This is a python program that measures how connected subreddit communities are to each other.
The metric used is to take the proportion of comments made in each subreddit, by each commenter in the target subreddit, and then weigh the results proportionally to how active they are in the target subreddit.
#An overview of the metric and algorithm
dictionary findConnectedSubreddits (subreddit sub)
for all commenters usr of sub
let usr.prop be the proportion of comments in sub made by usr
let usr.totalComments = 0
for all subreddits usrSub that usr commented in
let usr.dist[commSub] be the number of comments made by usr in usrSub
usr.totalComments += usr.dist[commSub]
for all subreddits usrSub that usr commented in
sub.connection[usrSub] += usr.dist[usrSub] * usr.prop
return sub.connection
#Installation and usage
You will need to have python 2.7.8 installed, as well as pip. In Ubuntu/Debian:
sudo apt-get install python
sudo apt-get install python-pip python-dev build-essential
This program also requires you install PRAW, a library used to access the Reddit API in Python
sudo pip install praw
As well as a few more scientific computing Python packages..
sudo apt-get install python-scipy python-matplotlib python-tk python-sklearn
And to use the program, just open up get_data.py, and set the x_subs python list to your desired subreddits (yeah this is gross sorry). And then:
python get_data.py
This gathers all the data from reddit (this may take a while). To analyze the data and output the dendrograms:
python analyze_data.py
And voila!
#Example outputs
There's also a second way to use the program, if you just do:
python project.py YourSubredditHere
If you want to analyze more than 10 commenters and 10 of their comments each, then add an integer argument
python project.py YourSubredditHere 100
This will result in 100 of the previous comments being analyzed, and 100 of each commenter’s other comments being analyzed for a total of 100 x 100 = 10000 comments (assuming no repeat commenters). Careful though, time / requests increases proportional to the square of this number. 100 will take a minute or two, 500 - 45 minutes or so. 1000 - go put a pot of coffee on.
project.py will output a textfile in the folder with the most frequent subreddits commented in at the top, with percentages on the right.

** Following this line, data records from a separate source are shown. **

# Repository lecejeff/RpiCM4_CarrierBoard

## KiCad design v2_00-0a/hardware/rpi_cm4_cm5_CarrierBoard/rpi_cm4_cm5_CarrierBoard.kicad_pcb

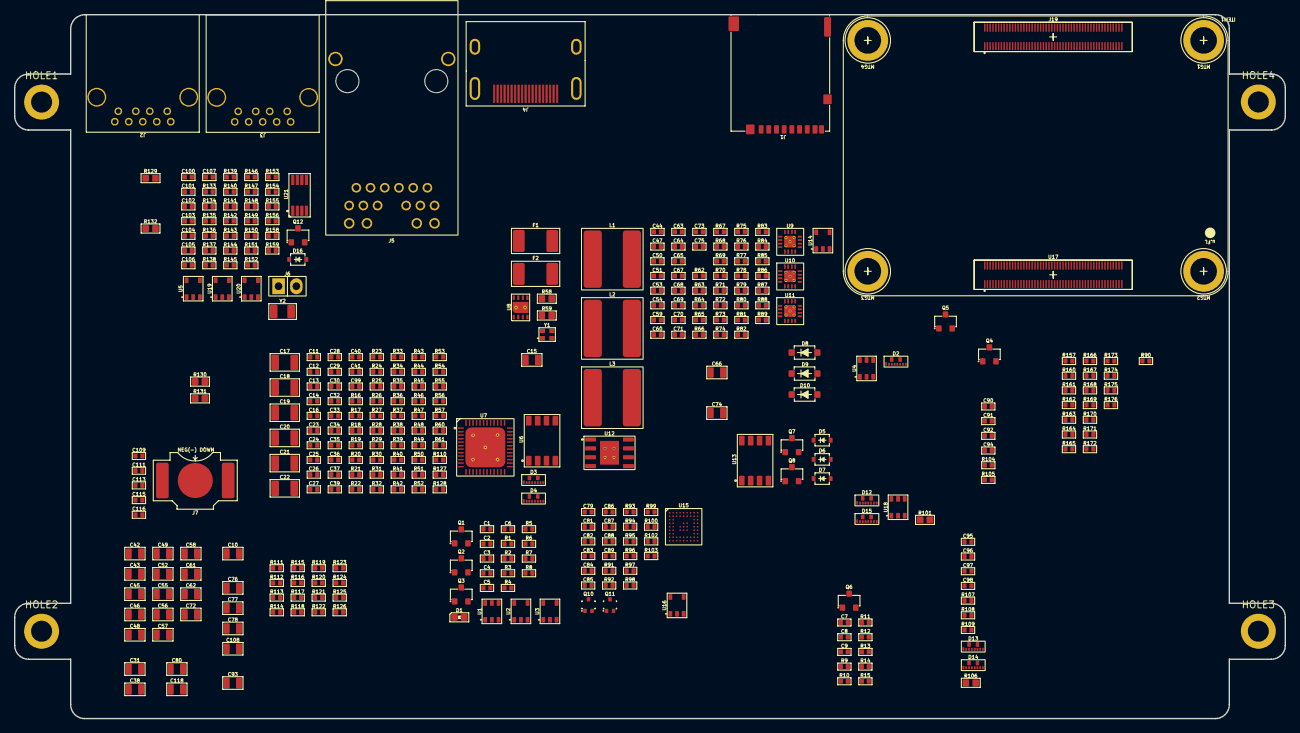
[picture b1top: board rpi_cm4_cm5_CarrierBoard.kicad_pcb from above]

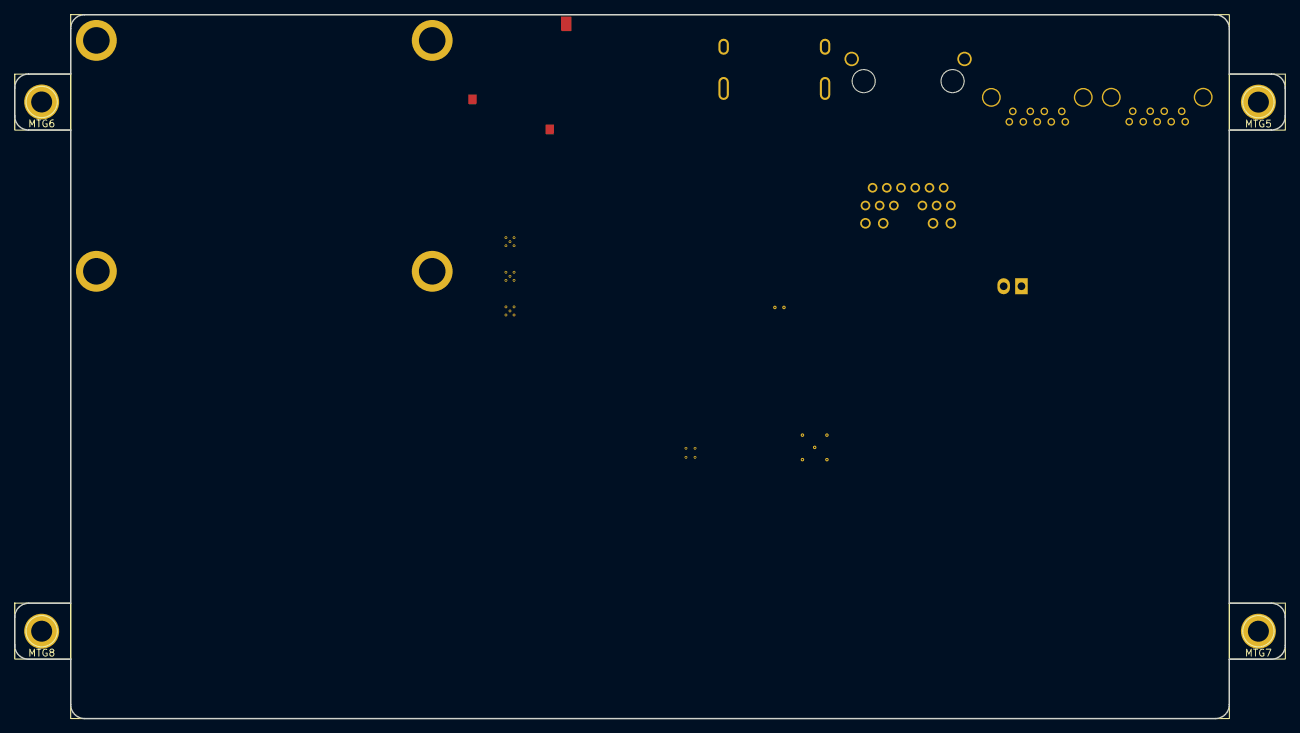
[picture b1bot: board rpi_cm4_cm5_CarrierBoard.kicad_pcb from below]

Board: 2 copper layers, 181.6 x 100.6 mm, 366 parts (5 on the bottom side), 211 nets, no tracks yet.

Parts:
C1, C2, C3, C4, C44, C51, C71, C89: 1n; CAP_NONPOL_0402
C5, C6, C7, C8, C9, C11, C12, C13, C14, C16, C23, C26, C27, C28, C29, C30, C32, C33, C34, C35, C36, C37, C39, C40, C41, C47, C50, C53, C54, C59, C60, C63, C65, C67, C73, C75, C79, C81, C82, C83, C84, C85, C86, C87, C88, C90, C91, C92, C94, C95, C96, C97, C98, C99, C100, C101, C102, C103, C106, C107, C109, C111, C113, C115, C116: 0.1u; CAP_NONPOL_0402
C10, C31, C38, C42, C43, C45, C46, C48, C49, C52, C55, C56, C57, C58, C61, C62, C72, C76, C77, C78, C80, C93, C108, C118: 22u; CAP_NONPOL_0805
C15, C74: 1u; CAP_NONPOL_0805
C17, C18, C19, C20, C21, C22: 47u; CAP_NONPOL_1206
C24, C25: 13p; CAP_NONPOL_0402
C64, C68, C69, C70: 10n; CAP_NONPOL_0402
C66: 10u; CAP_NONPOL_0805
C104, C105: 10p; CAP_NONPOL_0402
D1: LTST-C190KGKT; LED_0603
D2, D3, D4, D12, D13, D14, D15: ESD7016MUTAG; UDFN8
D5, D6, D7, D16: BAT42WS-TP; SOD-323
D8: MMSZ5231B; SOD-123
D9: MMSZ5226B; SOD-123
D10: DDZ9678-7; SOD-123
F1, F2: MINISMDC050F-2; PTC_1812
HOLE1, HOLE2, HOLE3, HOLE4: MTG_hole_cir_5mm_pad_3mm_drill
ITEM1: Raspberry PI CM4 and CM5 symbol; rPI_CM4_CM5
ITEM2: RVT70HSLFWCA0
J1: DM3AT-SF-PEJM5
J2, J3: 0484050003
J4: 2086581001
J5: 0826-1X1T-32-F
J6: M20-9990245; HEADER_2P_2_54MM
J7: 2998TR
J19: RPI_CMx_A; DF40HC(3.0)-100DS-0.4V
L1, L2, L3: SRN8040-2R2Y; SRN8040
MTG1, MTG2, MTG3, MTG4: 9774030151R
MTG5, MTG6, MTG7, MTG8: M0504-25-AL-7
Q1, Q2, Q3, Q4, Q5, Q6, Q7, Q8, Q12: 2N7002; SOT-23-3
Q10, Q11: SSM3K56FS,LF; SC-75
R1: 1K; RES_0402
R2, R3, R5, R6, R9, R10, R11, R12, R15, R46, R47, R48, R49, R51, R52, R54, R55, R56, R57, R61, R62, R65, R66, R67, R68, R70, R72, R73, R74, R75, R77, R78, R80, R83, R88, R89, R90, R91, R92, R93, R94, R100, R104, R105, R110, R111, R112, R113, R116, R119, R120, R133, R134, R138, R142, R147: 10K; RES_0402
R4, R14, R53: 1Meg; RES_0402
R7, R107, R108: 470R; RES_0402
R8, R60, R114, R115, R117, R118, R121, R122, R123, R124, R125, R126, R135, R136, R137, R139, R140, R141, R143, R146, R148, R149, R150, R153, R154, R155: 22R; RES_0402
R13, R16, R17, R18, R19, R20, R21, R22, R23, R24, R25, R26, R27, R28, R29, R30, R31, R32, R33, R34, R35, R36, R37, R38, R39, R40, R41, R42, R43, R44, R45, R63, R64, R85, R95, R96, R97, R109, R127, R128, R151, R152, R157, R160, R161, R162, R163, R164, R165, R166, R167, R168, R169, R170, R171, R172, R173, R174, R175, R176: 0R; RES_0402
R50: 1K6; RES_0402
R58, R59, R101, R106, R129, R130, R131, R132: 0R; RES_0603
R69: 3K24; RES_0402
R71: 1K91; RES_0402
R76: 8K06; RES_0402
R79, R81, R82, R158: 30K1; RES_0402
R84, R86, R87: 100K; RES_0402
R98, R99, R102, R103, R144, R145: 4K7; RES_0402
R156, R159: 510K; RES_0402
U1: STM6710DWB6F; SOT-23-6
U2, U3, U5, U16, U19: SN74LVC1G125DBVR; SOT-23-5
U4, U18: AP22913W6-7; SOT-23-6
U6: SST25VF512A; SOIC-8-150mil
U7: UPD720202K8-711-BAA-A; 48-VFQFN-EP
U8: AP2192AFGEG-7; U-DFN3030-8
U9, U10, U11: TLV62130ARGTR; VQFN-16-EP
U12: TPS7A7002DDAR; SO-8-150mil-EP
U13: SE555DR; SOIC-8-150mil
U14: SN74LVC1G14DBVR; SOT-23-5
U15: SN65DSI84ZXHR; NFBGA-64
U17: RPI_CMx_B; DF40HC(3.0)-100DS-0.4V
U20: SN74LVC1G07DBVR; SOT-23-5
U21: MCP7940NT-I/MS; MSOP-8
Y1: 24MHz; 4-SMD_2mmx1_6mm
Y2: 32.768kHz; 2-SMD_3_2mmx1_5mm

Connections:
1V0_CB: C32.2, C33.2, C34.2, C35.2, C36.2, C37.2, C38.2, C39.2, C48.2, C49.2, C53.2, R1.2, R80.2, R81.2, U7.6 (VDD10), U7.9 (VDD10), U7.21 (VDD10), U7.30 (VDD10), U7.33 (VDD10), U7.39 (VDD10), U7.42 (VDD10), U12.6 (OUT)
1V8_CB: C2.2, C51.2, C52.2, C54.2, C72.2, C73.2, C80.2, C81.2, C82.2, C83.2, C84.2, C85.2, C86.2, C87.2, D10.1 (K), L3.2, Q10.1 (G), Q11.1 (G), R75.2, R77.2, R78.2, R95.1, R99.2, R103.2, U1.3 (V3IN), U11.14 (VOS), U12.3 (IN), U15.A9 (VCC), U15.B8 (VCC), U15.D6 (VCC), U15.E5 (VCC), U15.E6 (VCC), U15.F6 (VCC), U15.J2 (VCC)
1V8_CMx: C76.2, C111.2, J19.88 (CM4_1V8_OUT), J19.90 (CM4_1V8_OUT)
3V3_CB: C3.2, C4.2, C5.2, C6.2, C7.2, C15.2, C16.2, C23.2, C26.2, C27.2, C28.2, C29.2, C30.2, C31.2, C42.2, C43.2, C44.2, C45.2, C46.2, C47.2, C50.2, C67.2, C71.2, C78.2, C88.2, C90.2, C99.2, C103.1, C107.1, C108.2, C113.2, C115.2, C116.2, D8.1 (K), D9.1 (K), D16.2 (A), J1.10 (CD_A), J19.77 (+5V), J19.79 (+5V), J19.81 (+5V), J19.83 (+5V), J19.85 (+5V), J19.87 (+5V), L1.2, L2.2, R3.2, R5.2, R6.2, R9.2, R11.2, R12.2, R48.2, R49.2, R51.2, R52.1, R55.1, R56.1, R57.1, R61.1, R67.2, R68.2, R70.2, R72.2, R73.2, R74.2, R98.2, R102.2, R107.1, R108.1, R112.2, R119.2, R120.2, R138.2, R144.2, R145.2, R151.2, R156.2, R159.2, U1.1 (V1IN), U1.2 (V2IN), U2.5 (VCC), U3.5 (VCC), U4.4 (IN), U4.6 (IN), U6.8 (VDD), U7.3 (AVDD33), U7.12 (VDD33), U7.22 (VDD33), U7.25 (AVDD33), U7.34 (VDD33), U7.43 (VDD33), U8.2 (IN), U9.14 (VOS), U10.14 (VOS), U14.5 (VCC), U16.5 (VCC), U18.4 (IN), U18.6 (IN), U20.5 (VCC), U21.8 (VDD)
3V3_CMx: C77.2, C101.2, C102.2, C109.2, J19.84 (CM4_3V3_OUT), J19.86 (CM4_3V3_OUT), R62.1, R152.2, U5.5 (VCC), U14.2 (A), U19.5 (VCC)
12V0_CB: C55.2, C56.2, C57.2, C58.2, C59.2, C60.2, C61.2, C62.2, C63.2, C65.2, R79.2, R84.2, R85.2, R86.2, U9.10 (AVIN), U9.11 (PVIN), U9.12 (PVIN), U10.10 (AVIN), U10.11 (PVIN), U10.12 (PVIN), U11.10 (AVIN), U11.11 (PVIN), U11.12 (PVIN), U13.8 (VDD)
/CM4_CM5_CONN_A/CM4_~CM5_BUILD: R112.1, R113.2, R124.2
/CM4_CM5_CONN_A/CMx_~INT: J19.37 (GPIO7), R119.1
/CM4_CM5_CONN_A/ETH_P3_N: J19.5 (ETH_P3_N), J19.6 (ETH_P1_N)
/CM4_CM5_CONN_A/GPIO6: J19.30 (GPIO6), R143.1
/CM4_CM5_CONN_A/GPIO8: J19.39 (GPIO8), R121.1
/CM4_CM5_CONN_A/GPIO10: J19.44 (GPIO10), R148.1
/CM4_CM5_CONN_A/GPIO11: J19.38 (GPIO11), R146.1
/CM4_CM5_CONN_A/GPIO12: J19.31 (GPIO12), R118.1
/CM4_CM5_CONN_A/GPIO14: J19.55 (GPIO14), R126.1
/CM4_CM5_CONN_A/GPIO16: J19.29 (GPIO16), R117.1
/CM4_CM5_CONN_A/GPIO17: J19.50 (GPIO17), R150.1
/CM4_CM5_CONN_A/GPIO18: J19.49 (GPIO18), R125.1
/CM4_CM5_CONN_A/GPIO19: J19.26 (GPIO19), R141.1
/CM4_CM5_CONN_A/GPIO21: J19.25 (GPIO21), R115.1
/CM4_CM5_CONN_A/GPIO23: J19.47 (GPIO23), R124.1
/CM4_CM5_CONN_A/GPIO24: J19.45 (GPIO24), R123.1
/CM4_CM5_CONN_A/GPIO25: J19.41 (GPIO25), R122.1
/CM4_CM5_CONN_A/GPIO26: J19.24 (GPIO26), R140.1
/CM4_CM5_CONN_A/GPIO27: J19.48 (GPIO27), R149.1
/CM4_CM5_CONN_A/GPIO_VREF: J19.78 (GPIO_VREF), R151.1, R152.1
/CM4_CM5_CONN_A/I2C3.I2C_SCL: J19.34 (GPIO5), R144.1, U21.6 (SCL)
/CM4_CM5_CONN_A/I2C3.I2C_SDA: J19.54 (GPIO4), R145.1, U21.5 (SDA)
/CM4_CM5_CONN_A/I2S_DIN: J19.27 (GPIO20), R116.2
/CM4_CM5_CONN_A/RTCC: J19.46 (GPIO22), R111.2
/CM4_CM5_CONN_A/RXD0: J19.51 (GPIO15), R138.1
/CM4_CM5_CONN_A/SPI2.SPI_MISO: J19.40 (GPIO9), R147.2
/CM4_CM5_CONN_A/SPI2.SPI_~CS: R120.1, R121.2
/CM4_CM5_CONN_A/WDOG_IN: J19.28 (GPIO13), R142.2
/CM4_CM5_CONN_B/PCIe_CLK_N: R163.1, R172.1, U17.12 (PCIe_CLK_N)
/CM4_CM5_CONN_B/PCIe_CLK_P: R162.1, R171.1, U17.10 (PCIe_CLK_P)
/CM4_CM5_CONN_B/PCIe_CLK_~REQ: R160.1, R169.1, U17.2 (~PCIe_CLK_REQ)
/CM4_CM5_CONN_B/PCIe_RX_N: R165.1, R174.1, U17.18 (PCIe_RX_N)
/CM4_CM5_CONN_B/PCIe_RX_P: R164.1, R173.1, U17.16 (PCIe_RX_P)
/CM4_CM5_CONN_B/PCIe_TX_N: R167.1, R176.1, U17.24 (PCIe_TX_N)
/CM4_CM5_CONN_B/PCIe_TX_P: R166.1, R175.1, U17.22 (PCIe_TX_P)
/CM4_CM5_CONN_B/PCIe_~RST: R157.1, R168.1, U17.9 (~PCIe_RST)
/CM4_CM5_CONN_B/PCIe_~WAKE: R161.1, R170.1, U17.4 (RSVD/~PCIe_DET_WAKE)
/DSI - LVDS bridge/I2C3.I2C_SCL: Q11.3 (D), R98.1
/DSI - LVDS bridge/I2C3.I2C_SDA: Q10.3 (D), R102.1
/DSI - LVDS bridge/SN65DSI_EN: C89.2, R91.1, R92.2, U15.B1 (EN)
/DSI - LVDS bridge/SYS_~RST: R100.2, U16.2 (A)
/Ethernet/ETH_P0_N: D13.2 (I/O2), J5.10 (TRD1-)
/Ethernet/ETH_P0_P: D13.1 (I/O1), J5.11 (TRD1+)
/Ethernet/ETH_P1_N: D13.5 (I/O4), J5.5 (TRD2-)
/Ethernet/ETH_P1_P: D13.4 (I/O3), J5.4 (TRD2+)
/Ethernet/ETH_P2_N: D13.8 (I/O6), J5.2 (TRD3-)
/Ethernet/ETH_P2_P: D13.7 (I/O5), J5.3 (TRD3+)
/Ethernet/ETH_P3_N: D14.2 (I/O2), J5.9 (TRD4-)
/Ethernet/ETH_P3_P: D14.1 (I/O1), J5.8 (TRD4+)
/Ethernet/ETH_~LED1: D14.7 (I/O5), R109.1
/Ethernet/ETH_~LED2: D14.4 (I/O3), J5.13 (LED_Y_K)
/Ethernet/ETH_~LED3: D14.5 (I/O4), J5.15 (LED_GK_OA)
/HDMI/5V_HDMI0: C91.2, C92.2, C93.2, C94.2, D12.3 (VBUS), D15.3 (VBUS), J4.18 (5V), R105.2, U18.1 (OUT)
/HDMI/HDMI0.CEC: D12.7 (I/O5), J4.13 (CEC)
/HDMI/HDMI0.CLK_N: D12.2 (I/O2), J4.12 (CK-)
/HDMI/HDMI0.CLK_P: D12.1 (I/O1), J4.10 (CK+)
/HDMI/HDMI0.D0_N: D15.8 (I/O6), J4.9 (D0-)
/HDMI/HDMI0.D0_P: D15.7 (I/O5), J4.7 (D0+)
/HDMI/HDMI0.D1_N: D15.5 (I/O4), J4.6 (D1-)
/HDMI/HDMI0.D1_P: D15.4 (I/O3), J4.4 (D1+)
/HDMI/HDMI0.D2_N: D15.2 (I/O2), J4.3 (D2-)
/HDMI/HDMI0.D2_P: D15.1 (I/O1), J4.1 (D2+)
/HDMI/HDMI0.HPD: D12.8 (I/O6), J4.19 (HPD)
/HDMI/HDMI0.SCL: D12.4 (I/O3), J4.15 (SCL)
/HDMI/HDMI0.SDA: D12.5 (I/O4), J4.16 (SDA)
/HDMI/SYS_~RST: R104.2, U18.3 (EN)
/Power Supply/POWER_KILL: R88.1, R89.2
/RESET_SUPERVISOR/EXT_~RST: Q2.1 (G), R4.1
/RESET_SUPERVISOR/PWG: Q1.3 (D), Q3.1 (G), R3.1, R5.1, U1.6 (~RESET), U2.2 (A)
/SD_CARD/SDIO_CLK: D2.5 (I/O4), J1.5 (CLK)
/SD_CARD/SDIO_CMD: D2.4 (I/O3), J1.3 (CMD)
/SD_CARD/SDIO_D0: D2.7 (I/O5), J1.7 (DAT0)
/SD_CARD/SDIO_D1: D2.8 (I/O6), J1.8 (DAT1)
/SD_CARD/SDIO_D2: D2.1 (I/O1), J1.1 (DAT2)
/SD_CARD/SDIO_D3: D2.2 (I/O2), J1.2 (CD/DAT3)
/SD_CARD/SD_CARD_DETECT: J1.9 (CD_B), Q5.1 (G), R10.2
/SD_CARD/SD_PWR_ON: Q4.1 (G), R9.1
/SD_CARD/SD_VDD: C9.2, C10.2, D2.3 (VBUS), J1.4 (VDD), R15.2, U4.1 (OUT)
/USB_3/CM5_USB3_VBUS_EN: R44.1, R45.1, R90.2
/USB_3/PETX_N: C41.2, U7.5 (PETX_N)
/USB_3/PETX_P: C40.2, U7.4 (PETX_P)
/USB_3/U2D1_N: R22.1, U7.36 (U2D1_N)
/USB_3/U2D1_P: R21.1, U7.35 (U2D1_P)
/USB_3/U2D2_N: R30.1, U7.45 (U2D2_N)
/USB_3/U2D2_P: R29.1, U7.44 (U2D2_P)
/USB_3/U3RX1_N: R24.1, U7.32 (U3RXD1_N)
/USB_3/U3RX1_P: R23.1, U7.31 (U3RXD1_P)
/USB_3/U3RX2_N: R31.1, U7.41 (U3RXD2_N)
/USB_3/U3RX2_P: R18.1, U7.40 (U3RXD2_P)
/USB_3/U3TX1_N: C13.1, U7.29 (U3TXD1_N)
/USB_3/U3TX1_P: C11.1, U7.28 (U3TXD1_P)
/USB_3/U3TX2_N: C14.1, U7.38 (U3XTD2_N)
/USB_3/U3TX2_P: C12.1, U7.37 (U3TXD2_P)
/USB_3/USB3_0.U3RXD_N: D3.4 (I/O3), J2.5 (SSRX-), R24.2, R38.2
/USB_3/USB3_0.U3RXD_P: D3.5 (I/O4), J2.6 (SSRX+), R23.2, R39.2
/USB_3/USB3_0.U3TXD_N: D3.7 (I/O5), J2.8 (SSTX-), R20.2, R42.2
/USB_3/USB3_0.U3TXD_P: D3.8 (I/O6), J2.9 (SSTX+), R19.2, R43.2
/USB_3/USB3_0.USB_N: D3.1 (I/O1), J2.2 (D-), R22.2, R40.2
/USB_3/USB3_0.USB_P: D3.2 (I/O2), J2.3 (D+), R21.2, R41.2
/USB_3/USB3_0.USB_VBUS: C17.2, C19.2, C21.2, D3.3 (VBUS), F1.2, J2.1 (VBUS)
/USB_3/USB3_1.U3RXD_N: D4.4 (I/O3), J3.5 (SSRX-), R31.2, R32.2
/USB_3/USB3_1.U3RXD_P: D4.5 (I/O4), J3.6 (SSRX+), R18.2, R33.2
/USB_3/USB3_1.U3TXD_N: D4.7 (I/O5), J3.8 (SSTX-), R17.2, R36.2
/USB_3/USB3_1.U3TXD_P: D4.8 (I/O6), J3.9 (SSTX+), R16.2, R37.2
/USB_3/USB3_1.USB_N: D4.1 (I/O1), J3.2 (D-), R30.2, R34.2
/USB_3/USB3_1.USB_P: D4.2 (I/O2), J3.3 (D+), R29.2, R35.2
/USB_3/USB3_1.USB_VBUS: C18.2, C20.2, C22.2, D4.3 (VBUS), F2.2, J3.1 (VBUS)
/USB_3/USB_HUB.~WAKE: R61.2, U7.48 (~PEWAKE)
/USB_3/USB_HUB_~RST: R110.1, U7.11 (~PONRST)
CGND: J2.10 (CGND), J2.11 (CGND), J3.10 (CGND), J3.11 (CGND), J4.2 (D2S), J4.5 (D1S), J4.8 (D0S), J4.11 (CKS), J4.20 (MT1), J4.21 (MT2), J4.22 (MT3), J4.23 (MT4), J5.17, J5.18, R58.1, R59.1, R101.1, R106.2
GND: C1.1, C2.1, C3.1, C4.1, C5.1, C6.1, C7.1, C8.1, C9.1, C10.1, C15.1, C16.1, C17.1, C18.1, C19.1, C20.1, C21.1, C22.1, C23.1, C24.1, C25.1, C26.1, C27.1, C28.1, C29.1, C30.1, C31.1, C32.1, C33.1, C34.1, C35.1, C36.1, C37.1, C38.1, C39.1, C42.1, C43.1, C45.1, C46.1, C47.1, C48.1, C49.1, C50.1, C52.1, C53.1, C54.1, C55.1, C56.1, C57.1, C58.1, C59.1, C60.1, C61.1, C62.1, C63.1, C64.1, C65.1, C66.1, C67.1, C68.2, C69.2, C70.2, C72.1, C73.1, C74.1, C75.1, C76.1, C77.1, C78.1, C79.1, C80.1, C81.1, C82.1, C83.1, C84.1, C85.1, C86.1, C87.1, C88.1, C89.1, C90.1, C91.1, C92.1, C93.1, C94.1, C95.1, C96.1, C97.1, C98.1, C99.1, C100.1, C101.1, C102.1, C103.2, C104.2, C105.2, C107.2, C108.1, C109.1, C111.1, C113.1, C115.1, C116.1, C118.1, D1.1 (K), D2.6 (GND), D3.6 (GND), D4.6 (GND), D8.2 (A), D9.2 (A), D10.2 (A), D12.6 (GND), D13.3 (VBUS), D13.6 (GND), D14.3 (VBUS), D14.6 (GND), D15.6 (GND), J1.6 (VSS), J2.4 (GND), J2.7 (GND), J3.4 (GND), J3.7 (GND), J4.17 (GND), J6.2, J7.2, J19.1 (GND), J19.2 (GND), J19.7 (GND), J19.8 (GND), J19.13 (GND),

You can also compare two communities, or one community against reddit as a whole, by using 3 arguments:
python project.py AskReddit all 300
This will give a contrast between AskReddit commenters and general reddit commenters (/r/all is the combination of all subreddits). Or you can contrast two specific communities:
python project.py javascript python 400
This will output a text file with a list of communities and a number beside it, such as JavaScript 10001.4394 Java 1.24 Ruby 0.54
The way to interpret these results is that Javascript commenters are 10001.4394 times as likely to post in /r/JavaScript as Python commenters are. JavaScript commenters are 24% more likely to post in Java than Python commenters are, but that Javascript commenters are only 54% as likely to post in /r/Ruby as python commenters are.